[AIM OF THE TASK] In the data below, the answer is the run of lines from the line containing "rectangular-7350694-5TH FLOOR RCP')" through the line containing "h = msp.add_hatch(dxfattribs=at)", both included; print it exactly and nothing else.
=== Begin Enclosure ===
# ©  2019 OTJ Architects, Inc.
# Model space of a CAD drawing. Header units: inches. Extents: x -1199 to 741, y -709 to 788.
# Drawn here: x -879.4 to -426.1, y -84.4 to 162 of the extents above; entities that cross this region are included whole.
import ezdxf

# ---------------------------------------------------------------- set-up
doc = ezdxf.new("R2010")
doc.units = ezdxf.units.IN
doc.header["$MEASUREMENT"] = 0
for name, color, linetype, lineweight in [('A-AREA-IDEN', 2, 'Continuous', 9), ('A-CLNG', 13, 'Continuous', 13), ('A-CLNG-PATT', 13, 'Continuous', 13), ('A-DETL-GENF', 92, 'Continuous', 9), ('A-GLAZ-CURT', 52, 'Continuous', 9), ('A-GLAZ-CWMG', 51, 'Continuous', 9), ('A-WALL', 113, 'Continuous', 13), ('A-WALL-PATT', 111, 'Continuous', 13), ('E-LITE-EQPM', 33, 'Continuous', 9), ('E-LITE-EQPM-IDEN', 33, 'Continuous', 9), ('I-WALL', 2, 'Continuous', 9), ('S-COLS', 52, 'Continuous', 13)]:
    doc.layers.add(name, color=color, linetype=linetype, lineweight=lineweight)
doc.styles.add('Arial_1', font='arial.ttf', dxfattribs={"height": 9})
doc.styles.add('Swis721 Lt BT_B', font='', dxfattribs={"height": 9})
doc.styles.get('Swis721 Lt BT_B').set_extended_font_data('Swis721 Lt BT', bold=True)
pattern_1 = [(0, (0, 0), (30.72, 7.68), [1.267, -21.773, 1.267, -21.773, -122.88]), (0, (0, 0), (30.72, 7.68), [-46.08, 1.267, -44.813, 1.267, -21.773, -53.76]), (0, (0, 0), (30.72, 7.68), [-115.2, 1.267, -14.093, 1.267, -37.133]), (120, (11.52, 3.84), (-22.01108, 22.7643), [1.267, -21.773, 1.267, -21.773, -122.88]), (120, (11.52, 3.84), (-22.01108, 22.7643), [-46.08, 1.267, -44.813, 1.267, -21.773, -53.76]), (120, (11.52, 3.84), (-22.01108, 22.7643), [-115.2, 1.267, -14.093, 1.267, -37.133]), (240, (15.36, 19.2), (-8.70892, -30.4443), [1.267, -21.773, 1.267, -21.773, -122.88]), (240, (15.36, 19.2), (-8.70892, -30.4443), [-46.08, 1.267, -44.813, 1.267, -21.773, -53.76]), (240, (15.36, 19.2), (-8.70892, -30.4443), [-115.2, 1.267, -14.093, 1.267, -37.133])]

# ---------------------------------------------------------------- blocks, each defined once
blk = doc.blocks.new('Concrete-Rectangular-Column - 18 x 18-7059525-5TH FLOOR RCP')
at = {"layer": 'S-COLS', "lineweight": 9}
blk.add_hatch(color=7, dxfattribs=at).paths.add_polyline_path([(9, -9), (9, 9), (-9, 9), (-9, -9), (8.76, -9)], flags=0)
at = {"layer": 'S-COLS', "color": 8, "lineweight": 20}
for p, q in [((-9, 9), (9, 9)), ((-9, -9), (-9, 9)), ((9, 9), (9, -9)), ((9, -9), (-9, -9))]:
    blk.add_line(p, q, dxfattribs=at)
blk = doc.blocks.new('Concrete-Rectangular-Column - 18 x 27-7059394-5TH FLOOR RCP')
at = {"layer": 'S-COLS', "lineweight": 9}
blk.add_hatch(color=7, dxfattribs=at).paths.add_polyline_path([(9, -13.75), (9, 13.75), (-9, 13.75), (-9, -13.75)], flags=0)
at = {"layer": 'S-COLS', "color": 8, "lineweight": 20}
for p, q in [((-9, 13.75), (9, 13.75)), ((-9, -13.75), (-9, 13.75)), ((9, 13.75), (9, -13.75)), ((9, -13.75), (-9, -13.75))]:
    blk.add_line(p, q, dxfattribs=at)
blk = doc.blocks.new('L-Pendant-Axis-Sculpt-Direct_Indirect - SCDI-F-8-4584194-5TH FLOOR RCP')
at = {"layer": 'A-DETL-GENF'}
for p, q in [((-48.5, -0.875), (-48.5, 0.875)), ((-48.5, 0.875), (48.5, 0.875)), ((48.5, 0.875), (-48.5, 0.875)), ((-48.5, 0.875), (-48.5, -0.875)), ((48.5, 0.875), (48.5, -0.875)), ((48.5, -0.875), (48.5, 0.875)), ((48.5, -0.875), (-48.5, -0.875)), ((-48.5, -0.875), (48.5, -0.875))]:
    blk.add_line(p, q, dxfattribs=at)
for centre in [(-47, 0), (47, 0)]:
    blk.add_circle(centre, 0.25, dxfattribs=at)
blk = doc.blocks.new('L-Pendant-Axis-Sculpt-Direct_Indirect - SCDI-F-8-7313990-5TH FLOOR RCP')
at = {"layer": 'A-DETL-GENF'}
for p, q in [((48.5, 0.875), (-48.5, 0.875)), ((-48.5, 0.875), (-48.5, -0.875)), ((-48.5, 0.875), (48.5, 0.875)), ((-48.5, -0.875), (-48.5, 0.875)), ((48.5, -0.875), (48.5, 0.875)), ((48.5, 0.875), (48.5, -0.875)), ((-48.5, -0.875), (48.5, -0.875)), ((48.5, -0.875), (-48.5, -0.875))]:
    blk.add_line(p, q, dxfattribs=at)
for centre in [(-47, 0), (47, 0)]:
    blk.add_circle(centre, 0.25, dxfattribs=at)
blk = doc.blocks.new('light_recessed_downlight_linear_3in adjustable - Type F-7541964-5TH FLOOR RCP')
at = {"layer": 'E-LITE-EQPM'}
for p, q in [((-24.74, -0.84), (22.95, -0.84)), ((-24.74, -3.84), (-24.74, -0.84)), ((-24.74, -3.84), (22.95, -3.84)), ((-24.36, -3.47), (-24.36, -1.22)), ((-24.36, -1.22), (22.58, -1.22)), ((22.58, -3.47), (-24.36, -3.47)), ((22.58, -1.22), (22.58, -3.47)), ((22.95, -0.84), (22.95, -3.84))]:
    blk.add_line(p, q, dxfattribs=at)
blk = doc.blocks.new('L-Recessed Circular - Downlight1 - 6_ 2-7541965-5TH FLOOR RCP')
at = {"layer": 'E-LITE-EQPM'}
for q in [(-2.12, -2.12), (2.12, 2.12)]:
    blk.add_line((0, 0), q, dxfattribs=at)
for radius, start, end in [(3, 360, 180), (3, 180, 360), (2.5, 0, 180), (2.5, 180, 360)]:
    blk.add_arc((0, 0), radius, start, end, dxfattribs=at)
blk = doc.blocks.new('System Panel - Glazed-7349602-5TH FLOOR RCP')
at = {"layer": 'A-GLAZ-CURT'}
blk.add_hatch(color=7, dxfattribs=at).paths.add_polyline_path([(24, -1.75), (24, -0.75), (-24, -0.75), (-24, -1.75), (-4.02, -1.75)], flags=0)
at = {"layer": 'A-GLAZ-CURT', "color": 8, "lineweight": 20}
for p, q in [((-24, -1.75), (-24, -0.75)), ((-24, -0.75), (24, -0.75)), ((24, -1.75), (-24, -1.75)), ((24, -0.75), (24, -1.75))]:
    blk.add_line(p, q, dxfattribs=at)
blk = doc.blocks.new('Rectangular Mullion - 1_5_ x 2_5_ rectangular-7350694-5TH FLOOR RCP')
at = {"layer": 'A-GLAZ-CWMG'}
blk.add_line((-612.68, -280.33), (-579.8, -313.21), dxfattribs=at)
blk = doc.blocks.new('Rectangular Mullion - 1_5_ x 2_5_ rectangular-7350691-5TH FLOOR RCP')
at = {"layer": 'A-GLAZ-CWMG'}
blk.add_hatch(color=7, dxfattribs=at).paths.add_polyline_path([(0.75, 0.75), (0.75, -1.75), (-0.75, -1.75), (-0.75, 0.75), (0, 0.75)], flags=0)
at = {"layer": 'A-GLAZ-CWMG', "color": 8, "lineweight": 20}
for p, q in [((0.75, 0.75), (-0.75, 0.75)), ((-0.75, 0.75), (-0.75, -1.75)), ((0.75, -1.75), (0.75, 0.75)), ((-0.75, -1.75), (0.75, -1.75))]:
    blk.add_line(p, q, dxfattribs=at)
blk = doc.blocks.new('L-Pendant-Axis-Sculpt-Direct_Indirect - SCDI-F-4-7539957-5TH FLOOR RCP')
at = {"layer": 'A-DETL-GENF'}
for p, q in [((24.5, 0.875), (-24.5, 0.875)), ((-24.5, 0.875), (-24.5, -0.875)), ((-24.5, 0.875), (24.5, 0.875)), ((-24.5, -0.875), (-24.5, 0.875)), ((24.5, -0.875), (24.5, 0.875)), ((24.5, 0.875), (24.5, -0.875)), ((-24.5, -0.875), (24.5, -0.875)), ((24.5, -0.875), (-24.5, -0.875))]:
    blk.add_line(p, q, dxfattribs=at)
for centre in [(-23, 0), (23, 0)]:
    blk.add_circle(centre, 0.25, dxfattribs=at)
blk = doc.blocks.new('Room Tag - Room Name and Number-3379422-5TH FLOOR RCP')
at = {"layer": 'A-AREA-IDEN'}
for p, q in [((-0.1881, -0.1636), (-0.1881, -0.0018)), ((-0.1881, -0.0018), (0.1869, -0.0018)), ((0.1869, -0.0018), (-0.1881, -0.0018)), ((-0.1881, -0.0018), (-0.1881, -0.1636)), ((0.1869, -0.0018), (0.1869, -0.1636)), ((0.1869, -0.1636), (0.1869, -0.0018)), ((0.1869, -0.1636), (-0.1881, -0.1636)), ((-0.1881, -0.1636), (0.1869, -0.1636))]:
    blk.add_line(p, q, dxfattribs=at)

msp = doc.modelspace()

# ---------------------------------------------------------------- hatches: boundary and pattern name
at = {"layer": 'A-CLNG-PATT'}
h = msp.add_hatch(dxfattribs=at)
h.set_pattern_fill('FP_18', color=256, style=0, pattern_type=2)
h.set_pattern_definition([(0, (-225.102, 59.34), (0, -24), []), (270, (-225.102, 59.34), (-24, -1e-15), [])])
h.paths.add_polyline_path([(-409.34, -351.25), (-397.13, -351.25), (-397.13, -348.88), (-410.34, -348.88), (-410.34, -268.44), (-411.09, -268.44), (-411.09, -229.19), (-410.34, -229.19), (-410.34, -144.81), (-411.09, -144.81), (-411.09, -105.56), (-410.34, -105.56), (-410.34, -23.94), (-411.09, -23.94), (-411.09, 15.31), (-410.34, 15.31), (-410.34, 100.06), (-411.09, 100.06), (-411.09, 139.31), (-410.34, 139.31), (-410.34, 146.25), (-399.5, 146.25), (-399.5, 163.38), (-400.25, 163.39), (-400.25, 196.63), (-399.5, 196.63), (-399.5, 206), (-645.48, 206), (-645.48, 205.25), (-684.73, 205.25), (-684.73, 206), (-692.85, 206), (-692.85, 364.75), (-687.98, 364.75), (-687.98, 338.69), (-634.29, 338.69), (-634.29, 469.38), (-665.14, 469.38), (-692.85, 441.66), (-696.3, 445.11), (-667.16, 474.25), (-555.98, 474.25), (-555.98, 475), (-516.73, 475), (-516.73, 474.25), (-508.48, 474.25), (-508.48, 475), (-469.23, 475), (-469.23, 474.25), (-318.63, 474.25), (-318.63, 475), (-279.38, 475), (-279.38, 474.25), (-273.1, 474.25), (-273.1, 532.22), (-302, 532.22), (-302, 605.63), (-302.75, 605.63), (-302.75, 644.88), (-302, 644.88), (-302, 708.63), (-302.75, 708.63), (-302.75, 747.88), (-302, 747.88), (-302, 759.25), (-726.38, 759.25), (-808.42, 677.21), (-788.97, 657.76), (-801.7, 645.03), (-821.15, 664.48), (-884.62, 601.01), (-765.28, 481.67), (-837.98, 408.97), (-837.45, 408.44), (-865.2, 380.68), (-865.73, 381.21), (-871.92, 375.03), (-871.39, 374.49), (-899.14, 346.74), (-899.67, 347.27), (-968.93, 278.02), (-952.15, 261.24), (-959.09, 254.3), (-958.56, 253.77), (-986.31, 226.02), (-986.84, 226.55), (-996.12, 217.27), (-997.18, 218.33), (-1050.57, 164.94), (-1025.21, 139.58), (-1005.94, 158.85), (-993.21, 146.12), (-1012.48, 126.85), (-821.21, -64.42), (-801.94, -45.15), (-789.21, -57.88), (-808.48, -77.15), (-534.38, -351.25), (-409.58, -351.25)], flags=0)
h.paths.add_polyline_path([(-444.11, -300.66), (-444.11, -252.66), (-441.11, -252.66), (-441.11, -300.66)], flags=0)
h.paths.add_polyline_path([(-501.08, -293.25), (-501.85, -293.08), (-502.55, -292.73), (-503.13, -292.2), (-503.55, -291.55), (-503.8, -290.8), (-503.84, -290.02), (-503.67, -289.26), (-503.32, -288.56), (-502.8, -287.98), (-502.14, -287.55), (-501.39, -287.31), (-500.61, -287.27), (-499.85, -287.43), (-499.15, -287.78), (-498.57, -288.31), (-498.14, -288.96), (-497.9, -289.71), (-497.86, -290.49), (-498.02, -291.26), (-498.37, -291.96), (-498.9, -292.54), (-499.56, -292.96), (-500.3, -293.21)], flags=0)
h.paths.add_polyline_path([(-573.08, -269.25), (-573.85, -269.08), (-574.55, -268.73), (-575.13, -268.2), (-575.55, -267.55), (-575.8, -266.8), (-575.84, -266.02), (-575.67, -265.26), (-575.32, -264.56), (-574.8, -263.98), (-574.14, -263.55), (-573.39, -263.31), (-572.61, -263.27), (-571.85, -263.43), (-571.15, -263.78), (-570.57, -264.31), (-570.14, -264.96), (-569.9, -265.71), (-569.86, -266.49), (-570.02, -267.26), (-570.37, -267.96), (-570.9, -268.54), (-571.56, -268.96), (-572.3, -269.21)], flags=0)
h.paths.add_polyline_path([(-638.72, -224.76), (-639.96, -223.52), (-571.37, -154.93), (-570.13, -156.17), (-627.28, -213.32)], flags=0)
=== End Enclosure ===
[EXERCISE RESPONSE]
blk = doc.blocks.new('Rectangular Mullion - 1_5_ x 2_5_ rectangular-7350694-5TH FLOOR RCP')
at = {"layer": 'A-GLAZ-CWMG'}
blk.add_line((-612.68, -280.33), (-579.8, -313.21), dxfattribs=at)
blk = doc.blocks.new('Rectangular Mullion - 1_5_ x 2_5_ rectangular-7350691-5TH FLOOR RCP')
at = {"layer": 'A-GLAZ-CWMG'}
blk.add_hatch(color=7, dxfattribs=at).paths.add_polyline_path([(0.75, 0.75), (0.75, -1.75), (-0.75, -1.75), (-0.75, 0.75), (0, 0.75)], flags=0)
at = {"layer": 'A-GLAZ-CWMG', "color": 8, "lineweight": 20}
for p, q in [((0.75, 0.75), (-0.75, 0.75)), ((-0.75, 0.75), (-0.75, -1.75)), ((0.75, -1.75), (0.75, 0.75)), ((-0.75, -1.75), (0.75, -1.75))]:
    blk.add_line(p, q, dxfattribs=at)
blk = doc.blocks.new('L-Pendant-Axis-Sculpt-Direct_Indirect - SCDI-F-4-7539957-5TH FLOOR RCP')
at = {"layer": 'A-DETL-GENF'}
for p, q in [((24.5, 0.875), (-24.5, 0.875)), ((-24.5, 0.875), (-24.5, -0.875)), ((-24.5, 0.875), (24.5, 0.875)), ((-24.5, -0.875), (-24.5, 0.875)), ((24.5, -0.875), (24.5, 0.875)), ((24.5, 0.875), (24.5, -0.875)), ((-24.5, -0.875), (24.5, -0.875)), ((24.5, -0.875), (-24.5, -0.875))]:
    blk.add_line(p, q, dxfattribs=at)
for centre in [(-23, 0), (23, 0)]:
    blk.add_circle(centre, 0.25, dxfattribs=at)
blk = doc.blocks.new('Room Tag - Room Name and Number-3379422-5TH FLOOR RCP')
at = {"layer": 'A-AREA-IDEN'}
for p, q in [((-0.1881, -0.1636), (-0.1881, -0.0018)), ((-0.1881, -0.0018), (0.1869, -0.0018)), ((0.1869, -0.0018), (-0.1881, -0.0018)), ((-0.1881, -0.0018), (-0.1881, -0.1636)), ((0.1869, -0.0018), (0.1869, -0.1636)), ((0.1869, -0.1636), (0.1869, -0.0018)), ((0.1869, -0.1636), (-0.1881, -0.1636)), ((-0.1881, -0.1636), (0.1869, -0.1636))]:
    blk.add_line(p, q, dxfattribs=at)

msp = doc.modelspace()

# ---------------------------------------------------------------- hatches: boundary and pattern name
at = {"layer": 'A-CLNG-PATT'}
h = msp.add_hatch(dxfattribs=at)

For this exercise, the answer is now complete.